Вот так бы всегда – мелькнуло в голове – мчаться бесконечно вдаль, зная, что тебя ждут, встретят и обнимут - и я летел в гаснущий закат, летел, упоённый скачкой, дыша острым осенним запахом, а закат всё мерк, а потом вдруг туман накрыл всё, заволок – лёгкий и сизый - и в этом тумане и цокоте копыт меркнуть стала и сама явь.
И не было уже дороги, и не было заката, а стояла ночь, пылали дрова в очаге, горели свечи в бронзовых подсвечниках, гоняя тени по разбросанной одежде, стояли на столе недопитые чары вина, и женская рука ворошила мои волосы, и сладок был вкус её кожи, и тонок был её запах, и горька была мысль о скорой разлуке.
- Нельзя тебе здесь, нельзя… - шептала она я, когда я отрывался от её губ, - смута идёт… магнаты присягают Карлу… погромы вокруг, околицы горят… А я тебе провожатого дам, или сама проведу через лес, я знаю дорогу… Только бы не было погони, засады… Заночуешь у наших, потом у Чарторыйских, а потом дальше на юг до Клевани… только береги кольцо…
- Рута… - шептал я.
…И ночью мы шли сквозь лес, и лес всё редел, а туман всё сгущался, и наконец остался только один туман, и только вкус хвои на её губах, и горе прощания, и она что-то шептала мне невнятно, и я вытирал её слёзы своими заросшими щеками, вдыхал запах её чёрных волос, и всё пытался согреть её под плащом, чуть влажным, как и всё вокруг,
А потом она сняла со своей руки кольцо и надела на мой безымянный палец. В сером тумане камень был неясного, бледного цвета, оправа тускло светилась серебряной чернёной зернью.
- Рута… - шептал я.
А потом и туман стал редеть, и я уже увидел внизу, рядом с моими тонувшими в сырой листве светлыми сапогами, тонкие, стройные и нервные ноги коня, а её уже не было рядом, она словно растаяла вместе с туманом, и только тяжесть кольца на пальце возвращала меня всеми чувствами к ней, к той, ради которой хотелось жить, без которой не хотелось жить…

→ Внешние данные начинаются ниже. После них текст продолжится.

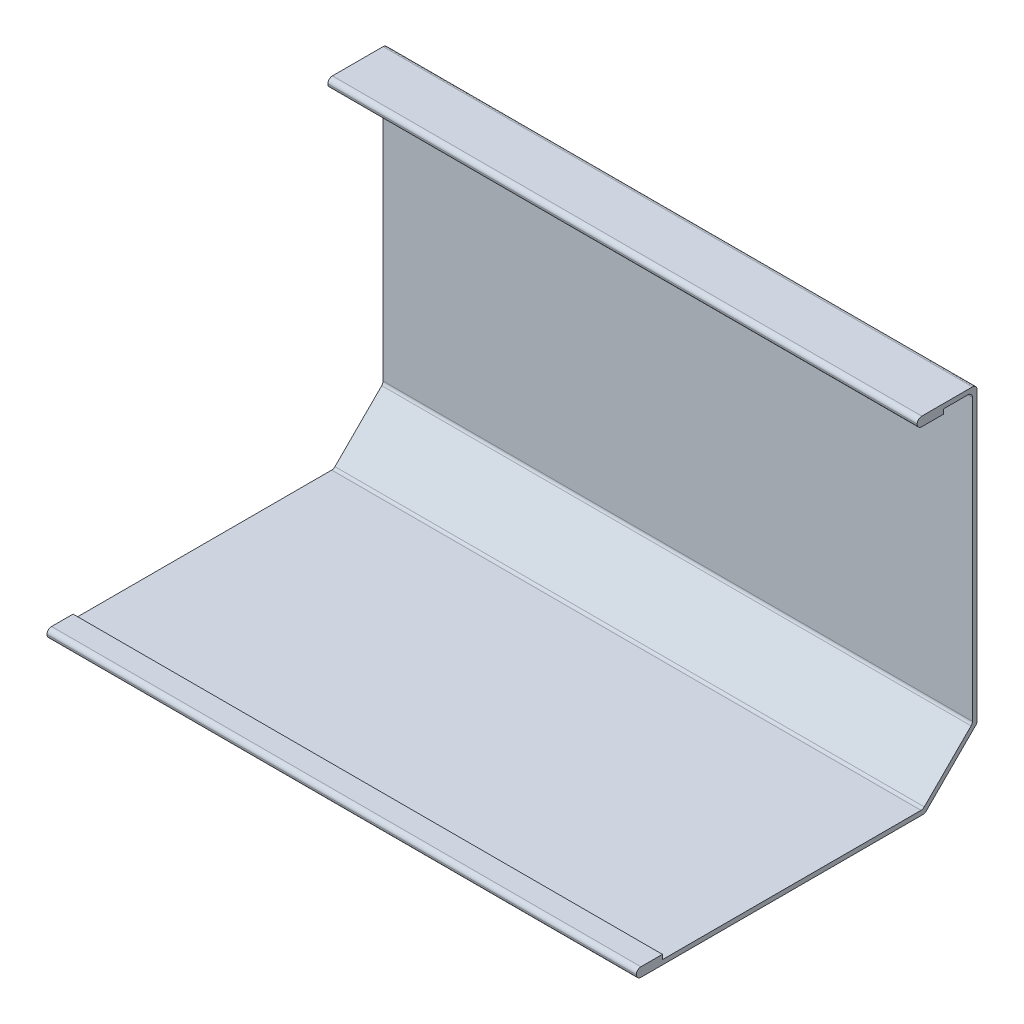
from build123d import *

# Parameters (mm, degrees)
EXTRUDE_1_DEPTH      = 96
EXTRUDE_1_DEPTH_BACK = 96
SKETCH_1_W           = 1.5
SKETCH_1_H           = 8.5
FILLET_1_R           = 1.5


with BuildPart() as part:
    # 草圖1 → 擠出1 (new, two sides: drawn at the far end of the back side and taken through both)
    with BuildSketch(Plane.YZ.offset(-EXTRUDE_1_DEPTH_BACK)):
        Polygon((1.5, 17), (1.5, 17.621320344), (0, 17), align=None)
        Polygon((17.621320344, 1.5), (17, 1.5), (17, 0), align=None)
        with Locations((2.25, 106.75)):
            Rectangle(SKETCH_1_W, SKETCH_1_H)
        with Locations((110.35, 15.25)):
            Rectangle(SKETCH_1_W, SKETCH_1_H)
        Polygon((111.1, 11), (111.1, 1.5), (112.6, 1.5), (112.6, 19.5), (111.1, 19.5), align=None)
        Polygon((17.621320344, 1.5), (17, 1.5), (17, 0), (0, 17), (1.5, 17), (1.5, 17.621320344), align=None)
        Polygon((0, 111), (0, 17), (1.5, 17.621320344), (1.5, 102.5), (1.5, 111), align=None)
        Polygon((17.621320344, 1.5), (17, 0), (112.6, 0), (112.6, 1.5), (111.1, 1.5), align=None)
    extrude(amount=EXTRUDE_1_DEPTH + EXTRUDE_1_DEPTH_BACK)

    # 圓角1
    fillet_1_edges = [part.edges().sort_by_distance(p)[0] for p in [
        (0, 0, 111),
        (0, 3, 111),
        (0, 1.5, 17.621320344),
        (0, 17, 0),
        (0, 0, 17),
        (0, 17.621320344, 1.5),
        (0, 111.1, 1.5),
        (0, 112.6, 0),
        (0, 109.6, 19.5),
        (0, 112.6, 19.5),
    ]]
    fillet(fillet_1_edges, radius=FILLET_1_R - 0.0001)  # a hair under: the kernel refuses the full size


solid = part.part
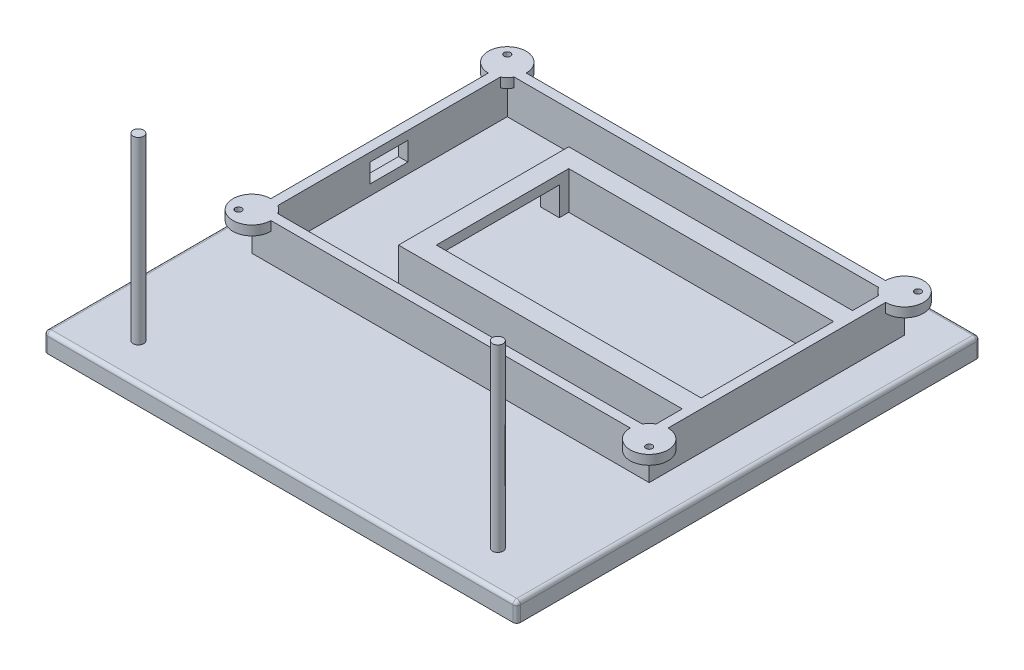
from build123d import *

# Parameters (mm, degrees)
SKETCH1_W           = 200
SKETCH1_H           = 125
BOSS_EXTRUDE3_DEPTH = 40
BOSS_EXTRUDE4_DEPTH = 10
EXTRUDE_THIN1_DEPTH = 40
SKETCH5_W           = 60
SKETCH5_H           = 15
CUT_EXTRUDE2_DEPTH  = 40
SKETCH6_W           = 210
SKETCH6_H           = 135
CUT_EXTRUDE3_DEPTH  = 20
SKETCH7_R           = 10
BOSS_EXTRUDE5_DEPTH = 5
SKETCH8_R           = 1.7
CUT_EXTRUDE5_DEPTH  = 5
SKETCH9_W           = 20
SKETCH9_H           = 10
CUT_EXTRUDE6_DEPTH  = 10
SKETCH10_W          = 230
SKETCH10_H          = 155
BOSS_EXTRUDE6_DEPTH = 10
SKETCH14_R          = 2.8
BOSS_EXTRUDE7_DEPTH = 95
FILLET1_R           = 2


with BuildPart() as part:
    # Sketch1 → Boss-Extrude3 (new body)
    with BuildSketch(Plane(origin=(0, 0, 0), x_dir=(1, 0, 0), z_dir=(0, 1, 0))):
        Polygon((5, 0), (0, 0), (0, -135), (210, -135), (210, 0), align=None)
        with Locations((105, -67.5)):
            Rectangle(SKETCH1_W, SKETCH1_H, mode=Mode.SUBTRACT)
    extrude(amount=BOSS_EXTRUDE3_DEPTH)

    # Sketch3 → Boss-Extrude4 (add)
    with BuildSketch(Plane(origin=(0, 0, 0), x_dir=(-1, 0, 0), z_dir=(0, -1, 0))):
        Polygon((-220, -145), (0, -145), (10, -145), (10, 10), (-220, 10), align=None)
    extrude(amount=BOSS_EXTRUDE4_DEPTH)

    # Sketch4 → Extrude-Thin1 (add)
    with BuildSketch(Plane(origin=(0, 0, 0), x_dir=(1, 0, 0), z_dir=(0, 1, 0))):
        Polygon((205, -32.5), (65, -32.5), (65, -102.5), (205, -102.5), (205, -112.5), (55, -112.5), (55, -22.5), (205, -22.5), align=None)
    extrude(amount=EXTRUDE_THIN1_DEPTH)

    # Sketch5 → Cut-Extrude2 (cut)
    with BuildSketch(Plane.ZY.offset(-55)):
        with Locations((67.5, 7.5)):
            Rectangle(SKETCH5_W, SKETCH5_H)
    extrude(amount=-CUT_EXTRUDE2_DEPTH, mode=Mode.SUBTRACT)

    # Sketch6 → Cut-Extrude3 (cut)
    with BuildSketch(Plane(origin=(0, 40, 0), x_dir=(1, 0, 0), z_dir=(0, 1, 0))):
        with Locations((105, -67.5)):
            Rectangle(SKETCH6_W, SKETCH6_H)
    extrude(amount=-CUT_EXTRUDE3_DEPTH, mode=Mode.SUBTRACT)

    # Sketch7 → Boss-Extrude5 (add)
    with BuildSketch(Plane(origin=(0, 20, 0), x_dir=(1, 0, 0), z_dir=(0, 1, 0))):
        Circle(SKETCH7_R)
        with Locations((210, 0)):
            Circle(SKETCH7_R)
        with Locations((210, -135)):
            Circle(SKETCH7_R)
        with Locations((0, -135)):
            Circle(SKETCH7_R)
    extrude(amount=-BOSS_EXTRUDE5_DEPTH)

    # Sketch8 → Cut-Extrude5 (cut)
    with BuildSketch(Plane(origin=(0, 20, 0), x_dir=(1, 0, 0), z_dir=(0, 1, 0))):
        with Locations((-3.535533906, 3.535533906)):
            Circle(SKETCH8_R)
        with Locations((213.535533906, 3.535533906)):
            Circle(SKETCH8_R)
        with Locations((213.535533906, -138.535533906)):
            Circle(SKETCH8_R)
        with Locations((-3.535533906, -138.535533906)):
            Circle(SKETCH8_R)
    extrude(amount=-CUT_EXTRUDE5_DEPTH, mode=Mode.SUBTRACT)

    # Sketch9 → Cut-Extrude6 (cut)
    with BuildSketch(Plane.ZY):
        with Locations((67.5, 10.5)):
            Rectangle(SKETCH9_W, SKETCH9_H)
    extrude(amount=-CUT_EXTRUDE6_DEPTH, mode=Mode.SUBTRACT)

    # Sketch10 → Boss-Extrude6 (add)
    with BuildSketch(Plane(origin=(0, 0, 0), x_dir=(1, 0, 0), z_dir=(0, 1, 0))):
        Polygon((230, 20), (-10, 20), (-20, 20), (-20, -225), (230, -225), align=None)
        with Locations((105, -67.5)):
            Rectangle(SKETCH10_W, SKETCH10_H, mode=Mode.SUBTRACT)
    extrude(amount=-BOSS_EXTRUDE6_DEPTH)

    # Sketch14 → Boss-Extrude7 (add)
    with BuildSketch(Plane(origin=(0, 0, 0), x_dir=(1, 0, 0), z_dir=(0, 1, 0))):
        with Locations((10, -205)):
            Circle(SKETCH14_R)
        with Locations((200, -205)):
            Circle(SKETCH14_R)
    extrude(amount=BOSS_EXTRUDE7_DEPTH)

    # Fillet1
    fillet1_edges = [part.edges().sort_by_distance(p)[0] for p in [
        (-20, -5, -20),
        (-20, -5, 225),
        (230, -5, 225),
        (230, -5, -20),
        (105, 0, -20),
        (230, 0, 102.5),
        (-20, 0, 102.5),
        (105, 0, 225),
    ]]
    fillet(fillet1_edges, radius=FILLET1_R)


solid = part.part
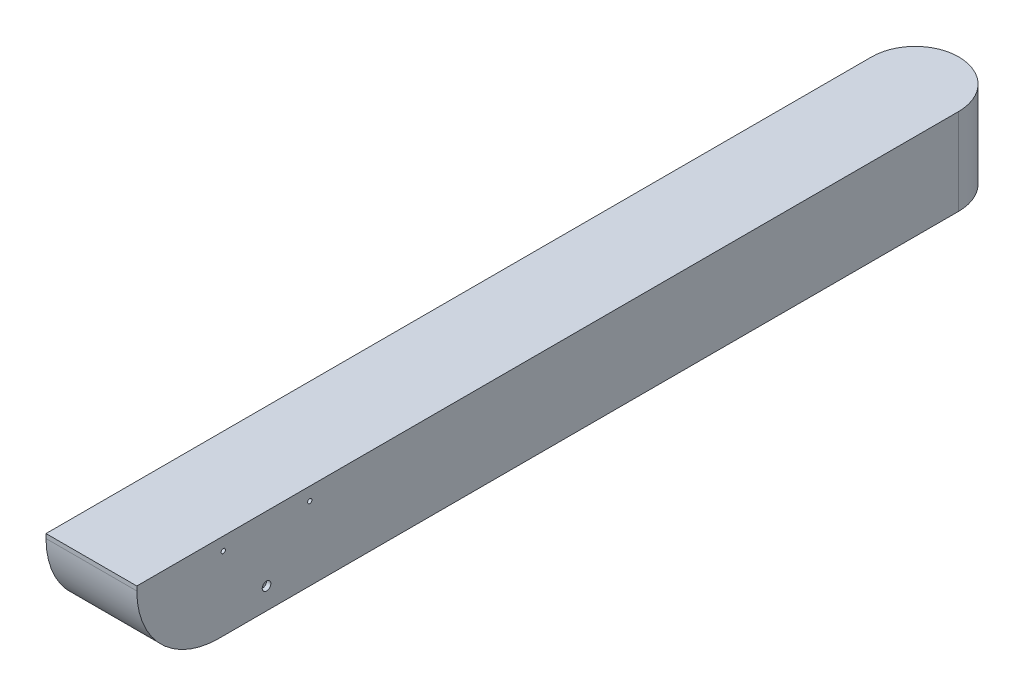
from build123d import *

# Parameters (mm, degrees)
SKETCH1_W           = 210
SKETCH1_H           = 2010
BOSS_EXTRUDE1_DEPTH = 200
FILLET1_R           = 110
FILLET2_R           = 100
FILLET3_R           = 190
SKETCH3_R           = 10
CUT_EXTRUDE1_DEPTH  = 10
SKETCH4_R           = 5
CUT_EXTRUDE2_DEPTH  = 2031.812645224


with BuildPart() as part:
    # Sketch1 → Boss-Extrude1 (new body)
    with BuildSketch(Plane(origin=(0, 0, 0), x_dir=(1, 0, 0), z_dir=(0, 1, 0))):
        with Locations((105, -1005)):
            Rectangle(SKETCH1_W, SKETCH1_H)
    extrude(amount=BOSS_EXTRUDE1_DEPTH)

    # Fillet1
    fillet1_edges = [part.edges().sort_by_distance(p)[0] for p in [
        (210, 100, 0),
    ]]
    fillet(fillet1_edges, radius=FILLET1_R)

    # Fillet2
    fillet2_edges = [part.edges().sort_by_distance(p)[0] for p in [
        (0, 100, 0),
    ]]
    fillet(fillet2_edges, radius=FILLET2_R - 0.0001)  # a hair under: the kernel refuses the full size

    # Fillet3
    fillet3_edges = [part.edges().sort_by_distance(p)[0] for p in [
        (105, 0, 2010),
    ]]
    fillet(fillet3_edges, radius=FILLET3_R)

    # Sketch3 → Cut-Extrude1 (cut)
    with BuildSketch(Plane(origin=(210, 0, 0), x_dir=(0, 0, -1), z_dir=(1, 0, 0))):
        with Locations((-1710, 50)):
            Circle(SKETCH3_R)
    extrude(amount=-CUT_EXTRUDE1_DEPTH, mode=Mode.SUBTRACT)

    # Sketch4 → Cut-Extrude2 (cut, through all)
    with BuildSketch(Plane(origin=(210, 0, 0), x_dir=(0, 0, -1), z_dir=(1, 0, 0))):
        with Locations((-1810, 170)):
            Circle(SKETCH4_R)
        with Locations((-1610, 170)):
            Circle(SKETCH4_R)
    extrude(amount=-CUT_EXTRUDE2_DEPTH, mode=Mode.SUBTRACT)


solid = part.part

Я сел на коня, когда последние деревья остались за спиной. Небо было белёсым, словно ненастоящим, и всё вокруг было ненастоящим, а, может, и вообще неживым.
И только справа, из-за вытянувшейся на север опушки леса вставали, перемежаясь чёрными дымами, вполне настоящие, яркие и тревожные, далёкие зарева пожаров.
Три дня пути было впереди. Три дня неизвестности. И я был готов.
Но едва только первый день перевалил к вечеру, как от ближнего леса заслышался топот погони.
И всё очень быстро кончилось: конь словно споткнулся, я почувствовал толчок, потом удар в голову, и боль пронзила тело, словно вспышка, и последнее, что мелькнуло перед глазами – моя рука, всё ещё сжимающая поводья, и драгоценный перстень на безымянном пальце. Остатками сил я успел стянуть кольцо зубами и, борясь с тяжёлой пеленой в голове, затолкать драгоценность за подкладку контуша.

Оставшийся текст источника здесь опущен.